(Stored records)

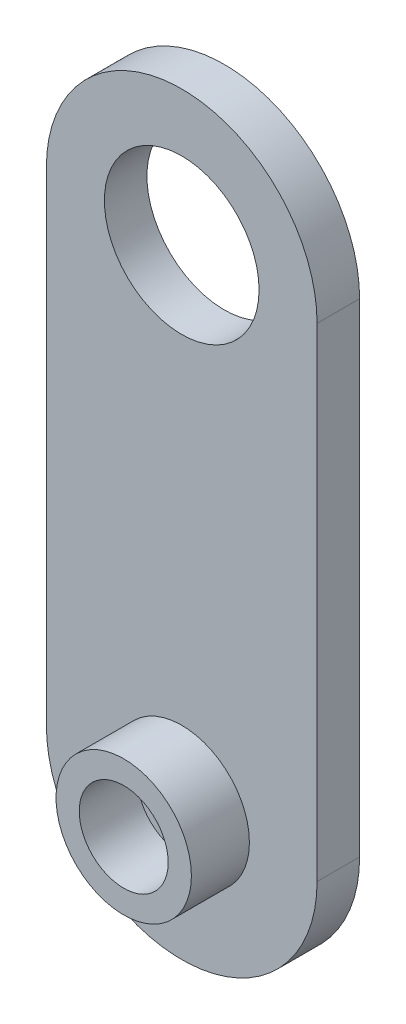
SolidWorks part; units mm, degrees
ref_plane "Alzado" through (0, 0, 0) normal (0, 0, 1) x (1, 0, 0)
ref_plane "Planta" through (0, 0, 0) normal (0, 1, 0) x (1, 0, 0)
ref_plane "Vista lateral" through (0, 0, 0) normal (1, 0, 0) x (0, 0, -1)
sketch "Croquis1" plane through (0, 0, 0) normal (0, 0, 1) x (1, 0, 0)
  line L0 (0, 0) -> (0, 25) construction
  line L1 (-7, 25) -> (-7, 0)
  line L2 (7, 25) -> (7, 0)
  arc A0 (-7, 0) -> (7, 0) centre (0, 0) ccw
  arc A1 (7, 25) -> (-7, 25) centre (0, 25) ccw
  circle A2 centre (0, 0) radius 1.1
  arc A3 (4, 25) -> (-4, 25) centre (0, 25) ccw
  arc A5 (4, 25) -> (-4, 25) centre (0, 25) cw
  dimension "D1" = 14
  dimension "D2" = 14
  dimension "D4" = 2.2
  dimension "D5" = 4
  dimension "D3" = 25
extrude "Saliente-Extruir1" add sketch "Croquis1" along normal blind 2.2
sketch "Croquis2" plane through (0, 0, 2.2) normal (0, 0, 1) x (1, 0, 0)
  circle A0 centre (0, 0) radius 3.5
  circle A1 centre (0, 0) radius 2.3
  dimension "D1" = 1.2
  dimension "D2" = 7
extrude "Saliente-Extruir2" add sketch "Croquis2" along normal blind 3
sketch "Croquis3" plane through (0, 0, 0) normal (0, 0, -1) x (-1, 0, 0)
  circle A0 centre (0, 0) radius 2.25
  dimension "D1" = 4.5
extrude "Cortar-Extruir1" cut sketch "Croquis3" against normal blind 1

### The task
Show every line from the entries above in which "through" appears.

### Solution
ref_plane "Alzado" through (0, 0, 0) normal (0, 0, 1) x (1, 0, 0)
ref_plane "Planta" through (0, 0, 0) normal (0, 1, 0) x (1, 0, 0)
ref_plane "Vista lateral" through (0, 0, 0) normal (1, 0, 0) x (0, 0, -1)
sketch "Croquis1" plane through (0, 0, 0) normal (0, 0, 1) x (1, 0, 0)
sketch "Croquis2" plane through (0, 0, 2.2) normal (0, 0, 1) x (1, 0, 0)
sketch "Croquis3" plane through (0, 0, 0) normal (0, 0, -1) x (-1, 0, 0)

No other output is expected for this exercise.